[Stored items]
BEGIN
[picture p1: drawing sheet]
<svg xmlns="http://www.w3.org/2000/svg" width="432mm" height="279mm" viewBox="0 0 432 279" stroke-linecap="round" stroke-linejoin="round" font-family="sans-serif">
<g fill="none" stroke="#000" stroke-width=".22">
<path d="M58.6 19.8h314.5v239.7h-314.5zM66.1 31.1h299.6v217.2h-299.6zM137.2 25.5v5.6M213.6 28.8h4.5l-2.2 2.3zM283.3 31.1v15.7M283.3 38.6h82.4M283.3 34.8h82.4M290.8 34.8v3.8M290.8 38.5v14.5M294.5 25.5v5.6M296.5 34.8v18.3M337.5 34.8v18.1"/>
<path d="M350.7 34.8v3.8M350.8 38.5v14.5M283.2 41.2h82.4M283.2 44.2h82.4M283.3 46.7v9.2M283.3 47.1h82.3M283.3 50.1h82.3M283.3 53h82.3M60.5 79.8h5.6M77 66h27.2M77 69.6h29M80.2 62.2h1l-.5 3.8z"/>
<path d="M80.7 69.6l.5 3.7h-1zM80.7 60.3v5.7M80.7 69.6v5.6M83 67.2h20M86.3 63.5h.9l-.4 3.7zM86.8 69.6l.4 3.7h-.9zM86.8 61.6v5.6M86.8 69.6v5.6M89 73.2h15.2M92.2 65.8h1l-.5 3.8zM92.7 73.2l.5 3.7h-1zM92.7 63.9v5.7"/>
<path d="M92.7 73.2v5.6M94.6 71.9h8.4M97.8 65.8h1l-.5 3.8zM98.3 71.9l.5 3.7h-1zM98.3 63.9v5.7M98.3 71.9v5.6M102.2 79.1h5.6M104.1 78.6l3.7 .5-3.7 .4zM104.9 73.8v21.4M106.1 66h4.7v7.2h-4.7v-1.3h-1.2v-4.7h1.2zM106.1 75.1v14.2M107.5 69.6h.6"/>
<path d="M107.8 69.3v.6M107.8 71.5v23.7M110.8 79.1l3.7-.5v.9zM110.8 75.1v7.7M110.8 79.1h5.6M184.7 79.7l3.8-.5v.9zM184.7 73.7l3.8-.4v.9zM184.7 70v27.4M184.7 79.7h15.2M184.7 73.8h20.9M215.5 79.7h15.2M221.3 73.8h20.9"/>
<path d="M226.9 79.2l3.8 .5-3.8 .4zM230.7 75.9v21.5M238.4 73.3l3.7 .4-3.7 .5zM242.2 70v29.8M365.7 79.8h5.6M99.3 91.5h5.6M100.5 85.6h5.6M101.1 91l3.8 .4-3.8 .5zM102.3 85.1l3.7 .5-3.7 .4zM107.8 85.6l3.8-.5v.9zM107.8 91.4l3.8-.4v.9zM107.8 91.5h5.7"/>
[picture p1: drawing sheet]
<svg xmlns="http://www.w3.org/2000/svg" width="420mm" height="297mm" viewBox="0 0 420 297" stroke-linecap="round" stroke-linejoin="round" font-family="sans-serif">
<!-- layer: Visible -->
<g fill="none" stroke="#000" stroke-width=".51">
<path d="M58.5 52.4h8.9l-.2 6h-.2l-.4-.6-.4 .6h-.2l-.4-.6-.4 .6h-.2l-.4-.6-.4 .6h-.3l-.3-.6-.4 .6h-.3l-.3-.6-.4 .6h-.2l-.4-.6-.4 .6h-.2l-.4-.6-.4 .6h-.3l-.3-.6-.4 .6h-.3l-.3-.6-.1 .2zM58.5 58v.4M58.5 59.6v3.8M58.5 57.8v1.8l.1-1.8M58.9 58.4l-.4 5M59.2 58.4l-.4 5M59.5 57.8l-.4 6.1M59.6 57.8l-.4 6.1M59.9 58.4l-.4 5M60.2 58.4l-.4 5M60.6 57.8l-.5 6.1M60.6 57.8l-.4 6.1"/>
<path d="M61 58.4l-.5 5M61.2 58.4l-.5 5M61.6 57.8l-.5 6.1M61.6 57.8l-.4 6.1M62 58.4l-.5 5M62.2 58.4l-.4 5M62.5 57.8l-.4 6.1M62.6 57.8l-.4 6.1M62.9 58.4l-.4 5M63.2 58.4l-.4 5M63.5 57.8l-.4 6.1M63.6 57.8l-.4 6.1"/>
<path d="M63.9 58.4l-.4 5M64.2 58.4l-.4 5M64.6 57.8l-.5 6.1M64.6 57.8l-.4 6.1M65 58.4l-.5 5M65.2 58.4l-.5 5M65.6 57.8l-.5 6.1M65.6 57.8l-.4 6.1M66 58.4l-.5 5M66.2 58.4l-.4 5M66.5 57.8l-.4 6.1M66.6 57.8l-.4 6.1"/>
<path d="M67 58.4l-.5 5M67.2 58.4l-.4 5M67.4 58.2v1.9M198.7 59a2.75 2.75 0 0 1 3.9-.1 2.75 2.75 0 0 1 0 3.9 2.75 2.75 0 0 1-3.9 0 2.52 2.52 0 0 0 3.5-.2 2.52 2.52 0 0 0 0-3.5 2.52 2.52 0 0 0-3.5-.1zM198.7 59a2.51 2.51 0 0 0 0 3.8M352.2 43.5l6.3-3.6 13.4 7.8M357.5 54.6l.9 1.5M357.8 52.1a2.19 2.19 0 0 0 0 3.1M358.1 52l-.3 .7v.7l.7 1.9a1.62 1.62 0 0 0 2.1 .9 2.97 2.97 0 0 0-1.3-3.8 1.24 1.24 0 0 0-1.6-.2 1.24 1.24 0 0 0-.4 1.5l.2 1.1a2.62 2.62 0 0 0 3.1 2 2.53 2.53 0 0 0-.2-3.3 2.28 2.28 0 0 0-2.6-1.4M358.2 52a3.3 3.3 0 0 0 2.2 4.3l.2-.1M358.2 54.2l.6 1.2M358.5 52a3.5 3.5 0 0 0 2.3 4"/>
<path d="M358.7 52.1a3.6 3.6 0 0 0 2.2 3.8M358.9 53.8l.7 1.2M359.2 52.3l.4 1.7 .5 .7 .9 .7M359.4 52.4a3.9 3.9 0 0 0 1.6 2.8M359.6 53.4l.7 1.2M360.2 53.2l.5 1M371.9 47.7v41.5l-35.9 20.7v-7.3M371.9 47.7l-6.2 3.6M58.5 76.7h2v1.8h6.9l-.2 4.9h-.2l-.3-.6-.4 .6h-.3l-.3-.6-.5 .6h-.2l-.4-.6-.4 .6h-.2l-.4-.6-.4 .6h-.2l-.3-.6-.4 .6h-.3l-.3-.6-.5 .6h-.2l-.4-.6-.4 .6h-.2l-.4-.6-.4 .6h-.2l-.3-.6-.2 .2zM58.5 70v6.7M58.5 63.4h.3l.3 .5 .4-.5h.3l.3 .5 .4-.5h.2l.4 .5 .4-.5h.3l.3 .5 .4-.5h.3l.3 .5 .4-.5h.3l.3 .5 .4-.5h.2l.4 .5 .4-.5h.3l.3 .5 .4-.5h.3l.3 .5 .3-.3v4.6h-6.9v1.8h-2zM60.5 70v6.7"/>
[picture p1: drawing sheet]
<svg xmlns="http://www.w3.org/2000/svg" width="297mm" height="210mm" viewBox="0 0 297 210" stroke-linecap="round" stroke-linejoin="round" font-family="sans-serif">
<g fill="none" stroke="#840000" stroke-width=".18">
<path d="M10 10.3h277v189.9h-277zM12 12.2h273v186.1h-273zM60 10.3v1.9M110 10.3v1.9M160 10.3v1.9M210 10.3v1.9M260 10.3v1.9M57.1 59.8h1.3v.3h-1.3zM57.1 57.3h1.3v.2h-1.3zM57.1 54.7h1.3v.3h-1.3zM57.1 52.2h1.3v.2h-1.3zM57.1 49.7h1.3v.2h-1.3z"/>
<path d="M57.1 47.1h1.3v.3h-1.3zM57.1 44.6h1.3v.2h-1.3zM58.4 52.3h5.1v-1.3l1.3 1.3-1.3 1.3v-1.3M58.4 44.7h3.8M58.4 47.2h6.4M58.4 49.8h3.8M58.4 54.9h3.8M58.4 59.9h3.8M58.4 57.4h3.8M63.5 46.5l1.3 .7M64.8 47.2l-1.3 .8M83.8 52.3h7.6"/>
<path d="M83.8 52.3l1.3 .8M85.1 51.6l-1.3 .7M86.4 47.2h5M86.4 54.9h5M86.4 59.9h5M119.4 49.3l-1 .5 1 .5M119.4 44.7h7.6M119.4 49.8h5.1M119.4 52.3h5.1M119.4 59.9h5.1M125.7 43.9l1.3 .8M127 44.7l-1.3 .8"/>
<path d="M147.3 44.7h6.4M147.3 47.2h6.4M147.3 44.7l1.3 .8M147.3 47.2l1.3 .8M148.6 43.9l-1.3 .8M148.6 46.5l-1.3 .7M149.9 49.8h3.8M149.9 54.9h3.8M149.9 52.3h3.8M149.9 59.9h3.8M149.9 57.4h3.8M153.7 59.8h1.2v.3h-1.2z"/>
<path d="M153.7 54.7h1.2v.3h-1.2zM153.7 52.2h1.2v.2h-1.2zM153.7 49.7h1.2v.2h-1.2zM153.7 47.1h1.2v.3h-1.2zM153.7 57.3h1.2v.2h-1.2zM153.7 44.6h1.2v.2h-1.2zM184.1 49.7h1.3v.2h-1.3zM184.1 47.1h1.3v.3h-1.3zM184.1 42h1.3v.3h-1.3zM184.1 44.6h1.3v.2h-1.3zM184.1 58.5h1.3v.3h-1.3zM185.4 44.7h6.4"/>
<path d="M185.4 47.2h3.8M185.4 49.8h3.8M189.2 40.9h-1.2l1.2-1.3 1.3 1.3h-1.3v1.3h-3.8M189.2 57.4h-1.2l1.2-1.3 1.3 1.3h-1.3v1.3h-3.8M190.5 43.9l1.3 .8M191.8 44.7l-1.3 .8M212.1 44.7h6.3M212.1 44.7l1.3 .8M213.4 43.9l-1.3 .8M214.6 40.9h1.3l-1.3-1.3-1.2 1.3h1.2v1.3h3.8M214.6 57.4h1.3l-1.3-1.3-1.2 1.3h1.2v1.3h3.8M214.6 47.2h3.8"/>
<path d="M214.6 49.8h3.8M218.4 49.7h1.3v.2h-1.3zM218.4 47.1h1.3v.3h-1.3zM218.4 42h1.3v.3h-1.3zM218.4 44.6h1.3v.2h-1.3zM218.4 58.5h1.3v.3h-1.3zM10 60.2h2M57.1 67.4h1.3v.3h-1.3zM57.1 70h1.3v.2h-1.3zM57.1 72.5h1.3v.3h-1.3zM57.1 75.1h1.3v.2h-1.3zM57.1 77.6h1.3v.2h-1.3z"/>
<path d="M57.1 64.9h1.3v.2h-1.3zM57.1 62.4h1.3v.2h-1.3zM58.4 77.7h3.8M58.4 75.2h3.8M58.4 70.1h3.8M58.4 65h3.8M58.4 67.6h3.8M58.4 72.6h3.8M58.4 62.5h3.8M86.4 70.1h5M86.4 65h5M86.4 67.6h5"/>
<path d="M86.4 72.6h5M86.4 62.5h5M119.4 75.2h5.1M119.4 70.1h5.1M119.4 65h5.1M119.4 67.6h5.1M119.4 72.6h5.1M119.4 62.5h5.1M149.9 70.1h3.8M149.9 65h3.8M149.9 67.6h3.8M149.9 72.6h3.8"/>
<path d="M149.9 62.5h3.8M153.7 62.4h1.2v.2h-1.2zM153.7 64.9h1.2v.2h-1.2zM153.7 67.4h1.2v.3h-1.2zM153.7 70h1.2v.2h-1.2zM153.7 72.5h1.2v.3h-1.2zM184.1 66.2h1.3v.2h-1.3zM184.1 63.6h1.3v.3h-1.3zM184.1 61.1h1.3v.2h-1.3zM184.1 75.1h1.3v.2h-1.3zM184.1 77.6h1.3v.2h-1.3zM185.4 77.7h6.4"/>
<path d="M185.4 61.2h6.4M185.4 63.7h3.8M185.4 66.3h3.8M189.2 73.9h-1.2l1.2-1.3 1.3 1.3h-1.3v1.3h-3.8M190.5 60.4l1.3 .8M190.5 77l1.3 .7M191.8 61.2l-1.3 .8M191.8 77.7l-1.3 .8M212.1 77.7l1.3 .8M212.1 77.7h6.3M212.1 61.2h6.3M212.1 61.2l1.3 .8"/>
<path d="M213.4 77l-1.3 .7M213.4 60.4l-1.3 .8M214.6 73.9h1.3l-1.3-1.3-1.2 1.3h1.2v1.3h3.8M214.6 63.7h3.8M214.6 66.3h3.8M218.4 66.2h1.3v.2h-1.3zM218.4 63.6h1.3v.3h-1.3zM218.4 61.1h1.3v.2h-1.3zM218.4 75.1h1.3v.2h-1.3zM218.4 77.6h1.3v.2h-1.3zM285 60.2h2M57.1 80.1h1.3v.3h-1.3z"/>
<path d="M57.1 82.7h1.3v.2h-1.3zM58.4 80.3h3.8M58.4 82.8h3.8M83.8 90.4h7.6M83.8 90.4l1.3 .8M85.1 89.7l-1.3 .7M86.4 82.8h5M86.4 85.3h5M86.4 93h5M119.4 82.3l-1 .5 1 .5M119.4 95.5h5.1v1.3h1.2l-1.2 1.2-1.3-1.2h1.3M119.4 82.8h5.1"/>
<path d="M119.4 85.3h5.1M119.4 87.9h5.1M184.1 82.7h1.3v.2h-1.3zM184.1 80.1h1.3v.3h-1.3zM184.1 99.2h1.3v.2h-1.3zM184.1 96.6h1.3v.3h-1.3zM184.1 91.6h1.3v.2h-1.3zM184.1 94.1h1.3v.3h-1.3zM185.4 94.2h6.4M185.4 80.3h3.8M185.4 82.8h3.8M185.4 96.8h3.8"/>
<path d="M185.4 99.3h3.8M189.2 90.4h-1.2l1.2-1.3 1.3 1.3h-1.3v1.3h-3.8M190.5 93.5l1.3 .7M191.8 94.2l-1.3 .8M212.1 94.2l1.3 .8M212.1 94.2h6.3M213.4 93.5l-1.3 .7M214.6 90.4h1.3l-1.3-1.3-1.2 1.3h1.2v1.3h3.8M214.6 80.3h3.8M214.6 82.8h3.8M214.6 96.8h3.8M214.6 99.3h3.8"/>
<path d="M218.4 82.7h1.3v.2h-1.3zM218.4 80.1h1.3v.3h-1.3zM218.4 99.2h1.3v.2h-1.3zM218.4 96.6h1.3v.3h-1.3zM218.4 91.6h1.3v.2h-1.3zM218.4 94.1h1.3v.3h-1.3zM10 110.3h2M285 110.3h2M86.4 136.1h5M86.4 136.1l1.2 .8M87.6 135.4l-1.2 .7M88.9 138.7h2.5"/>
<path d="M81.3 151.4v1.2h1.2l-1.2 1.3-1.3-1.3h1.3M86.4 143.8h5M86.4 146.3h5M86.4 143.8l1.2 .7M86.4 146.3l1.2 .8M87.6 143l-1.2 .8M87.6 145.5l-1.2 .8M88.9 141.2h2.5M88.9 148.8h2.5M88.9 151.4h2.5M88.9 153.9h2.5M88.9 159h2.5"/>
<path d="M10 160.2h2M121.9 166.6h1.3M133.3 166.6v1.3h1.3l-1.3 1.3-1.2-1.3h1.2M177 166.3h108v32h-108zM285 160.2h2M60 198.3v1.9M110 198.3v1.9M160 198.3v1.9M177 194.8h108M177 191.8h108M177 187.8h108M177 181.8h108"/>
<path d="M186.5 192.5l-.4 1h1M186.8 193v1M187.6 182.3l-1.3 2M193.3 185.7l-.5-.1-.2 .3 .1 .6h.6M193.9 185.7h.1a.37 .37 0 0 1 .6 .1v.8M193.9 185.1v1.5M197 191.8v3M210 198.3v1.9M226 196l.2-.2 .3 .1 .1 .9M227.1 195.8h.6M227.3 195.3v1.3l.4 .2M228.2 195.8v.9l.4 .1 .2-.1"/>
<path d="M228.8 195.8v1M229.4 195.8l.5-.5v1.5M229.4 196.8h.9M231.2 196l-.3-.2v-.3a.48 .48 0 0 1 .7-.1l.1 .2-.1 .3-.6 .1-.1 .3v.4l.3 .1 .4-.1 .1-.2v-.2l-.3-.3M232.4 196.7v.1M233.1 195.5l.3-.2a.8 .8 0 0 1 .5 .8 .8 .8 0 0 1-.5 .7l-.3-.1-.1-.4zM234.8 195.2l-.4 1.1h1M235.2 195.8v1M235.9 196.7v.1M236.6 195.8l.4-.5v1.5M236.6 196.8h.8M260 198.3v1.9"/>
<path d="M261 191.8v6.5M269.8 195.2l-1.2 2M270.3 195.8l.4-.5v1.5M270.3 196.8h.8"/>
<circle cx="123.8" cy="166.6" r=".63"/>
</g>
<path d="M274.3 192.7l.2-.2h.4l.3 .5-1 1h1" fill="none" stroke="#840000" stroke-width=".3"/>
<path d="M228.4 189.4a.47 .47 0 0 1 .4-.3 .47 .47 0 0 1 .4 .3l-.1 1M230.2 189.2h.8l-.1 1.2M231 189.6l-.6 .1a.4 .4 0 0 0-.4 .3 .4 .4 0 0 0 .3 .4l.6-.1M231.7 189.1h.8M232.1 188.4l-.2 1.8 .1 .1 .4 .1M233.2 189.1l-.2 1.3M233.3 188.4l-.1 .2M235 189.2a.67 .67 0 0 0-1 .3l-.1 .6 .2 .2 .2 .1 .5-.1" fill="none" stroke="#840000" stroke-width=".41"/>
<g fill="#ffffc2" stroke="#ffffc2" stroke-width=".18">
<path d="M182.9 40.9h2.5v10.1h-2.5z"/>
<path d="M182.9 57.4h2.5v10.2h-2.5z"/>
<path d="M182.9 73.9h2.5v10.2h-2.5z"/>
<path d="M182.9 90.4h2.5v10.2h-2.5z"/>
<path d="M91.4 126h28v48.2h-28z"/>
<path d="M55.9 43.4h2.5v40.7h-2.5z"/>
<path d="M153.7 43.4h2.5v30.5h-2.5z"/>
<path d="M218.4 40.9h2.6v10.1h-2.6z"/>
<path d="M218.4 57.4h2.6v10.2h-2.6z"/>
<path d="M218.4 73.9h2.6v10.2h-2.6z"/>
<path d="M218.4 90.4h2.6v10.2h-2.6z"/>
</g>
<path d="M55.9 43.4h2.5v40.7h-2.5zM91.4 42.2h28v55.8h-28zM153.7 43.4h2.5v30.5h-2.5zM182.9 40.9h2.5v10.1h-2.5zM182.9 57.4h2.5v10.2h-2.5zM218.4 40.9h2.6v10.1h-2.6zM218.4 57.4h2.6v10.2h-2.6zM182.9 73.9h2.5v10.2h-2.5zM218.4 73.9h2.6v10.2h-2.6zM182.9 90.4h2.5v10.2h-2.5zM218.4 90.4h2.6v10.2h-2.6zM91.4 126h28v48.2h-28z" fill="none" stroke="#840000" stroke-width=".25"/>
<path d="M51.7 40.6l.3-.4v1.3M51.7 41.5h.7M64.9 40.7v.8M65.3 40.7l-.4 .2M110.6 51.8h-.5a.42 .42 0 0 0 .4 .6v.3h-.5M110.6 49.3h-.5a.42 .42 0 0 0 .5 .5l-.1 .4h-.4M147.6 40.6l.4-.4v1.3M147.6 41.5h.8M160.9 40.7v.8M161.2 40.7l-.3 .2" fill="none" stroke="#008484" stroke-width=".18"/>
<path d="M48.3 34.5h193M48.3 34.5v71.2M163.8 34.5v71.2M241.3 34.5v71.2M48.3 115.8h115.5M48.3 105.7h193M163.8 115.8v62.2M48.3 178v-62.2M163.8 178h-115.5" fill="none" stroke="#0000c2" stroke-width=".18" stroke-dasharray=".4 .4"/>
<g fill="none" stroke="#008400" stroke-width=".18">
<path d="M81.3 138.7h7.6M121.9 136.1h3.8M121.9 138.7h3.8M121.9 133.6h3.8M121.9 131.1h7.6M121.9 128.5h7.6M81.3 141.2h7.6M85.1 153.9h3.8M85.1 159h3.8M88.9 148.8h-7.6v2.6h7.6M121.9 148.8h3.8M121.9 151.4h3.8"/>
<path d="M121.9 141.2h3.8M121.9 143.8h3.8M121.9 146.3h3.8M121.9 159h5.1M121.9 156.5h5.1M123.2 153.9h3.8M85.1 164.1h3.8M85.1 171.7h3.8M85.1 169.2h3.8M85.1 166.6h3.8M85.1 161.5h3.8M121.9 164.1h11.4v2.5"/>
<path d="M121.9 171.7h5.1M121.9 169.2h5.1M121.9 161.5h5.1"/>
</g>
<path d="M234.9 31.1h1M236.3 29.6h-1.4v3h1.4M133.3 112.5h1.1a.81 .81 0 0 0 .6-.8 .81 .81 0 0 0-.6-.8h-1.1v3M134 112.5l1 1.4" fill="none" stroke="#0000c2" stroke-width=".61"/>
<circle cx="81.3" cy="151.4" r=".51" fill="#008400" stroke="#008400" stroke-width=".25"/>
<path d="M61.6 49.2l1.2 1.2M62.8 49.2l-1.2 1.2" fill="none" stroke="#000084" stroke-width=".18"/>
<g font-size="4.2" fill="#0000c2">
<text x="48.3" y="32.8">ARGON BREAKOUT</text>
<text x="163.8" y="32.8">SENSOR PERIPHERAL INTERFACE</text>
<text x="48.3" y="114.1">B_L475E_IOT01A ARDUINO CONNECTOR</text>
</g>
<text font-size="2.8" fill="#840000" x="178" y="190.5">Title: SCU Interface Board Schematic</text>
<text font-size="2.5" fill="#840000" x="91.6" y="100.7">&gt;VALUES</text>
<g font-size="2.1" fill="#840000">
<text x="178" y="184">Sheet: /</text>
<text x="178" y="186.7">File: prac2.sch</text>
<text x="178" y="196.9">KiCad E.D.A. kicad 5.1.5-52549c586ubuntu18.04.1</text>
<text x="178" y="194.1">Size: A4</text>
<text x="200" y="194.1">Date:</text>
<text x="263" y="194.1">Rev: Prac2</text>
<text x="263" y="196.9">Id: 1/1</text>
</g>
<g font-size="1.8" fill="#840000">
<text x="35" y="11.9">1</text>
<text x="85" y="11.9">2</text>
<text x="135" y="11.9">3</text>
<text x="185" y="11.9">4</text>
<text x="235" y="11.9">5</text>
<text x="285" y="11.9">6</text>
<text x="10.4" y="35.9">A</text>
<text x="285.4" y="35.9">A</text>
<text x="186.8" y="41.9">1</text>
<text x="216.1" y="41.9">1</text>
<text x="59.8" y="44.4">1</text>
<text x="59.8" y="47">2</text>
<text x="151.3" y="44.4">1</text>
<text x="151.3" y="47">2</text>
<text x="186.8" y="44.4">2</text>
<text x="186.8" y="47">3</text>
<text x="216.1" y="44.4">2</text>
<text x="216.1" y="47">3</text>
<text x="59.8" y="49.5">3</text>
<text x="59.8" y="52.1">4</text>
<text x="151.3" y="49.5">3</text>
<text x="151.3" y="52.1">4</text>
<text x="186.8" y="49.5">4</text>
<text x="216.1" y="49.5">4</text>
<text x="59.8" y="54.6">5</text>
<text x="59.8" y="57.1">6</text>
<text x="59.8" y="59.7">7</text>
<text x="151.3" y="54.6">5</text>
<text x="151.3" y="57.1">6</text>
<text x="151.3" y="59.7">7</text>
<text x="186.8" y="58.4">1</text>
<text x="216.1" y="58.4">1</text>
END
→ Task prompt: If a line in the records has the word "serif", copy that line.

→ Output:
<svg xmlns="http://www.w3.org/2000/svg" width="432mm" height="279mm" viewBox="0 0 432 279" stroke-linecap="round" stroke-linejoin="round" font-family="sans-serif">
<svg xmlns="http://www.w3.org/2000/svg" width="420mm" height="297mm" viewBox="0 0 420 297" stroke-linecap="round" stroke-linejoin="round" font-family="sans-serif">
<svg xmlns="http://www.w3.org/2000/svg" width="297mm" height="210mm" viewBox="0 0 297 210" stroke-linecap="round" stroke-linejoin="round" font-family="sans-serif">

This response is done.